START Material for this task

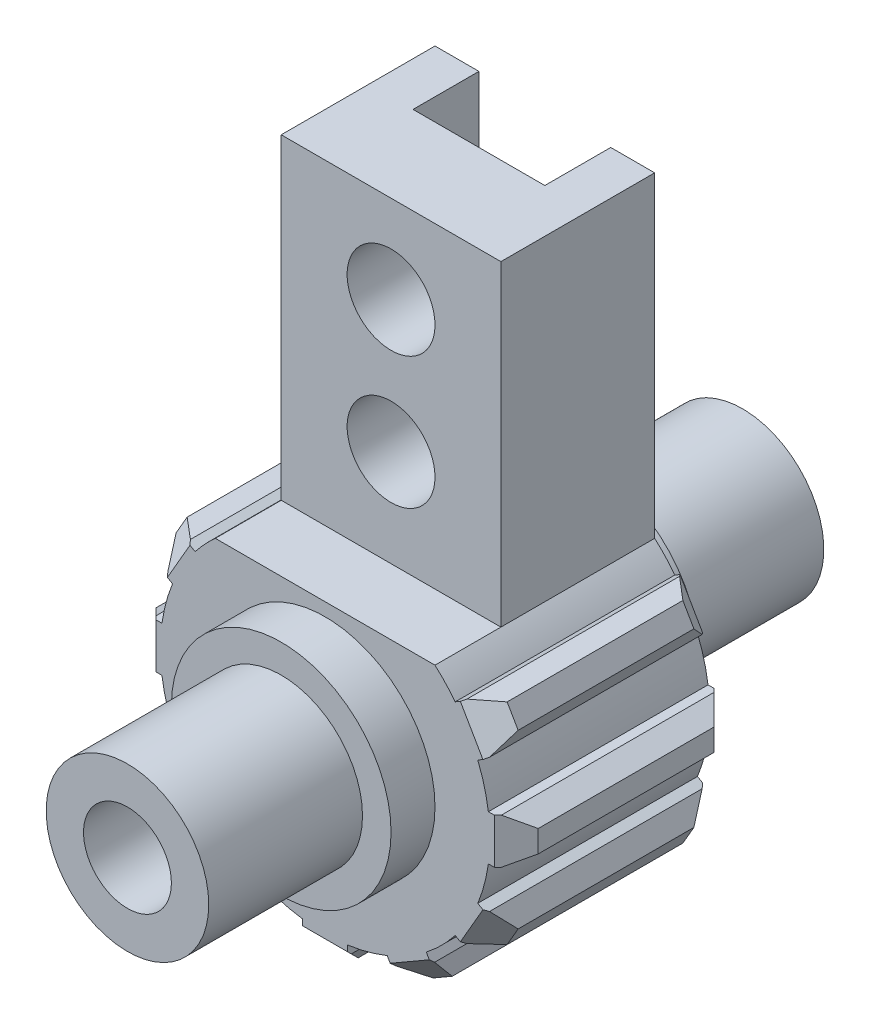
SolidWorks part; units mm, degrees
ref_plane "Front Plane" through (0, 0, 0) normal (0, 0, 1) x (1, 0, 0)
ref_plane "Top Plane" through (0, 0, 0) normal (0, 1, 0) x (1, 0, 0)
ref_plane "Right Plane" through (0, 0, 0) normal (1, 0, 0) x (0, 0, -1)
sketch "Sketch1" plane through (0, 0, 0) normal (0, 0, 1) x (1, 0, 0)
  circle A0 centre (0, 0) radius 7.5
  dimension "D1" = 15
extrude "Boss-Extrude1" add sketch "Sketch1" along normal blind 10
sketch "Sketch2" plane through (0, 0, 10) normal (0, 0, 1) x (1, 0, 0)
  line L0 (0, 0) -> (0, -9.5) construction
  line L1 (-0.5013, -8.7) -> (-1.0275, -7.8603)
  line L2 (0.5013, -8.7) -> (1.0275, -7.8603)
  line L3 (-0.5013, -8.7) -> (0.5013, -8.7)
  line L4 (0, -9.5) -> (-0.5013, -8.7) construction
  line L5 (0, -9.5) -> (0.5013, -8.7) construction
  line L6 (1.0275, -7.4293) -> (1.0275, -7.8603)
  line L7 (-1.0275, -7.4293) -> (-1.0275, -7.8603)
  line L8 (1.0275, -7.8603) -> (1.3275, -7.3816) construction
  line L9 (-1.0275, -7.8603) -> (-1.3275, -7.3816) construction
  line L10 (-2.8248, -6.9477) -> (-3.0403, -7.321)
  line L11 (-3.9158, -7.7851) -> (-3.0403, -7.321)
  line L12 (-4.7842, -7.2838) -> (-3.9158, -7.7851)
  line L13 (-4.7842, -7.2838) -> (-4.82, -6.2935)
  line L14 (-4.6045, -5.9202) -> (-4.82, -6.2935)
  line L15 (-5.9202, -4.6045) -> (-6.2935, -4.82)
  line L16 (-7.2838, -4.7842) -> (-6.2935, -4.82)
  line L17 (-7.7851, -3.9158) -> (-7.2838, -4.7842)
  line L18 (-7.7851, -3.9158) -> (-7.321, -3.0403)
  line L19 (-6.9477, -2.8248) -> (-7.321, -3.0403)
  line L20 (-7.4293, -1.0275) -> (-7.8603, -1.0275)
  line L21 (-8.7, -0.5013) -> (-7.8603, -1.0275)
  line L22 (-8.7, 0.5013) -> (-8.7, -0.5013)
  line L23 (-8.7, 0.5013) -> (-7.8603, 1.0275)
  line L24 (-7.4293, 1.0275) -> (-7.8603, 1.0275)
  line L25 (-6.9477, 2.8248) -> (-7.321, 3.0403)
  line L26 (-7.7851, 3.9158) -> (-7.321, 3.0403)
  line L27 (-7.2838, 4.7842) -> (-7.7851, 3.9158)
  line L28 (-7.2838, 4.7842) -> (-6.2935, 4.82)
  line L29 (-5.9202, 4.6045) -> (-6.2935, 4.82)
  line L30 (-4.6045, 5.9202) -> (-4.82, 6.2935)
  line L31 (-4.7842, 7.2838) -> (-4.82, 6.2935)
  line L32 (-3.9158, 7.7851) -> (-4.7842, 7.2838)
  line L33 (-3.9158, 7.7851) -> (-3.0403, 7.321)
  line L34 (-2.8248, 6.9477) -> (-3.0403, 7.321)
  line L35 (-1.0275, 7.4293) -> (-1.0275, 7.8603)
  line L36 (-0.5013, 8.7) -> (-1.0275, 7.8603)
  line L37 (0.5013, 8.7) -> (-0.5013, 8.7)
  line L38 (0.5013, 8.7) -> (1.0275, 7.8603)
  line L39 (1.0275, 7.4293) -> (1.0275, 7.8603)
  line L40 (2.8248, 6.9477) -> (3.0403, 7.321)
  line L41 (3.9158, 7.7851) -> (3.0403, 7.321)
  line L42 (4.7842, 7.2838) -> (3.9158, 7.7851)
  line L43 (4.7842, 7.2838) -> (4.82, 6.2935)
  line L44 (4.6045, 5.9202) -> (4.82, 6.2935)
  line L45 (5.9202, 4.6045) -> (6.2935, 4.82)
  line L46 (7.2838, 4.7842) -> (6.2935, 4.82)
  line L47 (7.7851, 3.9158) -> (7.2838, 4.7842)
  line L48 (7.7851, 3.9158) -> (7.321, 3.0403)
  line L49 (6.9477, 2.8248) -> (7.321, 3.0403)
  line L50 (7.4293, 1.0275) -> (7.8603, 1.0275)
  line L51 (8.7, 0.5013) -> (7.8603, 1.0275)
  line L52 (8.7, -0.5013) -> (8.7, 0.5013)
  line L53 (8.7, -0.5013) -> (7.8603, -1.0275)
  line L54 (7.4293, -1.0275) -> (7.8603, -1.0275)
  line L55 (6.9477, -2.8248) -> (7.321, -3.0403)
  line L56 (7.7851, -3.9158) -> (7.321, -3.0403)
  line L57 (7.2838, -4.7842) -> (7.7851, -3.9158)
  line L58 (7.2838, -4.7842) -> (6.2935, -4.82)
  line L59 (5.9202, -4.6045) -> (6.2935, -4.82)
  line L60 (4.6045, -5.9202) -> (4.82, -6.2935)
  line L61 (4.7842, -7.2838) -> (4.82, -6.2935)
  line L62 (3.9158, -7.7851) -> (4.7842, -7.2838)
  line L63 (3.9158, -7.7851) -> (3.0403, -7.321)
  line L64 (2.8248, -6.9477) -> (3.0403, -7.321)
  circle A0 centre (0, 0) radius 7.5 construction
  arc A1 (1.0275, -7.4293) -> (1.3275, -7.3816) centre (0, 0) ccw construction
  circle A2 centre (0, 0) radius 7.5
  arc A3 (-1.0275, -7.4293) -> (1.0275, -7.4293) centre (0, 0) ccw
  arc A4 (-1.3275, -7.3816) -> (-1.0275, -7.4293) centre (0, 0) ccw construction
  arc A5 (-4.6045, -5.9202) -> (-2.8248, -6.9477) centre (0, 0) ccw
  arc A6 (-6.9477, -2.8248) -> (-5.9202, -4.6045) centre (0, 0) ccw
  arc A7 (-7.4293, 1.0275) -> (-7.4293, -1.0275) centre (0, 0) ccw
  arc A8 (-5.9202, 4.6045) -> (-6.9477, 2.8248) centre (0, 0) ccw
  arc A9 (-2.8248, 6.9477) -> (-4.6045, 5.9202) centre (0, 0) ccw
  arc A10 (1.0275, 7.4293) -> (-1.0275, 7.4293) centre (0, 0) ccw
  arc A11 (4.6045, 5.9202) -> (2.8248, 6.9477) centre (0, 0) ccw
  arc A12 (6.9477, 2.8248) -> (5.9202, 4.6045) centre (0, 0) ccw
  arc A13 (7.4293, -1.0275) -> (7.4293, 1.0275) centre (0, 0) ccw
  arc A14 (5.9202, -4.6045) -> (6.9477, -2.8248) centre (0, 0) ccw
  arc A15 (2.8248, -6.9477) -> (4.6045, -5.9202) centre (0, 0) ccw
  point P11 (0, -7.5)
  point P120 (0, 0)
  dimension "D1" = 9.5
  dimension "D2" = 2.5
  dimension "D4" = 1.2
  dimension "D5" = 0.3
  dimension "D3" = 0
  dimension "D6" = 12
extrude "Boss-Extrude2" add sketch "Sketch2" against normal up to surface (10 mm away) up to face at (7.5, 0, 0)
sketch "Sketch4" plane through (0, 0, 0) normal (0, 0, -1) x (-1, 0, 0)
  circle A0 centre (0, 0) radius 4
  circle A1 centre (0, 0) radius 2
  dimension "D1" = 8
  dimension "D2" = 4
extrude "Boss-Extrude3" add sketch "Sketch4" along normal blind 2
sketch "Sketch5" plane through (0, 0, -2) normal (0, 0, -1) x (-1, 0, 0)
  circle A0 centre (0, 0) radius 2 construction
  circle A1 centre (0, 0) radius 2
extrude "Cut-Extrude1" cut sketch "Sketch5" against normal through all
sketch "Sketch6" plane through (0, 0, 10) normal (0, 0, 1) x (1, 0, 0)
  line L1 (-5, 20) -> (5, 20)
  line L2 (-5, 20) -> (-5, 0)
  line L3 (-5, 0) -> (5, 0)
  line L4 (5, 20) -> (5, 0)
  point P4 (0, 0)
  dimension "D1" = 10
  dimension "D2" = 20
extrude "Boss-Extrude4" add sketch "Sketch6" against normal up to surface (10 mm away) up to face at (4, 0, 0)
sketch "Sketch7" plane through (0, 0, -2) normal (0, 0, -1) x (-1, 0, 0)
  circle A0 centre (0, 0) radius 2 construction
  circle A1 centre (0, 0) radius 2
extrude "Cut-Extrude2" cut sketch "Sketch7" against normal through all
sketch "Sketch8" plane through (0, 0, 10) normal (0, 0, 1) x (1, 0, 0)
  circle A0 centre (0, 0) radius 2 construction
  circle A1 centre (0, 0) radius 4
  circle A2 centre (0, 0) radius 4
  circle A3 centre (0, 0) radius 2
  dimension "D1" = 0
extrude "Boss-Extrude5" add sketch "Sketch8" along normal blind 2
sketch "Sketch9" plane through (-5, 0, 0) normal (-1, 0, 0) x (0, 0, 1)
  line L0 (0, 20) -> (10, 20) construction
  line L1 (10, 20) -> (7, 20)
  line L2 (10, 20) -> (10, 7.4602)
  line L3 (10, 7.4602) -> (7, 7.4602)
  line L4 (7, 20) -> (7, 7.4602)
  line L5 (10, 20) -> (10, 5.5902) construction
  dimension "D1" = 3
extrude "Cut-Extrude3" cut sketch "Sketch9" against normal blind 10
sketch "Sketch11" plane through (0, 0, 7) normal (0, 0, 1) x (1, 0, 0)
  line L0 (0, 20) -> (0, 7.4602) construction
  line L1 (5, 20) -> (-5, 20) construction
  line L2 (5, 7.4602) -> (-5, 7.4602) construction
  circle A0 centre (0, 16) radius 2
  circle A1 centre (0, 10) radius 2
  dimension "D1" = 4
  dimension "D2" = 4
  dimension "D3" = 6
  dimension "D4" = 4
extrude "Cut-Extrude4" cut sketch "Sketch11" against normal blind 10
sketch "Sketch12" plane through (0, 0, 0) normal (0, 0, -1) x (-1, 0, 0)
  line L0 (0, 20) -> (0, 4) construction
  line L1 (-3, 20) -> (3, 20)
  line L2 (-3, 20) -> (-3, 5)
  line L3 (-3, 5) -> (3, 5)
  line L4 (3, 20) -> (3, 5)
  line L5 (5, 20) -> (-5, 20) construction
  circle A0 centre (0, 0) radius 4 construction
  circle A1 centre (0, 0) radius 4 construction
  point P12 (0, 20)
  dimension "D1" = 6
  dimension "D2" = 15
extrude "Cut-Extrude5" cut sketch "Sketch12" against normal blind 3
chamfer "Chamfer1" distance 1 angle 45 18 edges at (7.5344, 4.35, 0) (8.7, 0, 0) (7.5344, -4.35, 0) (4.35, -7.5344, 0) (0, -8.7, 0) (-4.35, -7.5344, 0) (-7.5344, -4.35, 0) (-8.7, 0, 0) (-7.5344, 4.35, 0) (-8.7, 0, 10) (-7.5344, 4.35, 10) (7.5344, 4.35, 10) (8.7, 0, 10) (7.5344, -4.35, 10) (4.35, -7.5344, 10) (0, -8.7, 10) (-4.35, -7.5344, 10) (-7.5344, -4.35, 10) tangent propagation no
sketch "Sketch14" plane through (0, 0, -2) normal (0, 0, -1) x (-1, 0, 0)
  circle A2 centre (0, 0) radius 2 construction
  circle A3 centre (0, 0) radius 3.7
  circle A4 centre (0, 0) radius 2
extrude "Boss-Extrude6" add sketch "Sketch14" along normal blind 7
sketch "Sketch15" plane through (0, 0, 12) normal (0, 0, 1) x (1, 0, 0)
  circle A2 centre (0, 0) radius 2 construction
  circle A3 centre (0, 0) radius 3.7
  circle A4 centre (0, 0) radius 2
extrude "Boss-Extrude7" add sketch "Sketch15" along normal blind 7
sketch "Sketch16" plane through (0, 0, 10) normal (0, 0, 1) x (1, 0, 0)
  circle A1 centre (0, 0) radius 4 construction
  circle A2 centre (0, 0) radius 5
  circle A3 centre (0, 0) radius 5
  circle A4 centre (0, 0) radius 4
  dimension "D1" = 1
extrude "Boss-Extrude8" add sketch "Sketch16" along normal up to surface (2 mm away) up to face at (3.7, 0, 12)
sketch "Sketch17" plane through (0, 0, 0) normal (0, 0, -1) x (-1, 0, 0)
  circle A2 centre (0, 0) radius 5
  circle A3 centre (0, 0) radius 5
  dimension "D1" = 1
extrude "Boss-Extrude9" add sketch "Sketch17" along normal up to surface (2 mm away) up to face at (-3.7, 0, -2)
sketch "Sketch18" plane through (0, 0, -9) normal (0, 0, -1) x (-1, 0, 0)
  circle A0 centre (0, 0) radius 2 construction
  circle A1 centre (0, 0) radius 2
extrude "Cut-Extrude6" cut sketch "Sketch18" against normal through all
sketch "Sketch20" plane through (0, 0, 7) normal (0, 0, 1) x (1, 0, 0)
  line L1 (-5, 7.4602) -> (5, 7.4602)
  line L2 (-5, 7.4602) -> (-5, 5.5902)
  line L3 (-5, 5.5902) -> (5, 5.5902)
  line L4 (5, 7.4602) -> (5, 5.5902)
extrude "Cut-Extrude7" cut sketch "Sketch20" along normal through all

END Material for this task

Exercise goal:
Select every line in the records above that contains the word "surface".

Response area:
extrude "Boss-Extrude2" add sketch "Sketch2" against normal up to surface (10 mm away) up to face at (7.5, 0, 0)
extrude "Boss-Extrude4" add sketch "Sketch6" against normal up to surface (10 mm away) up to face at (4, 0, 0)
extrude "Boss-Extrude8" add sketch "Sketch16" along normal up to surface (2 mm away) up to face at (3.7, 0, 12)
extrude "Boss-Extrude9" add sketch "Sketch17" along normal up to surface (2 mm away) up to face at (-3.7, 0, -2)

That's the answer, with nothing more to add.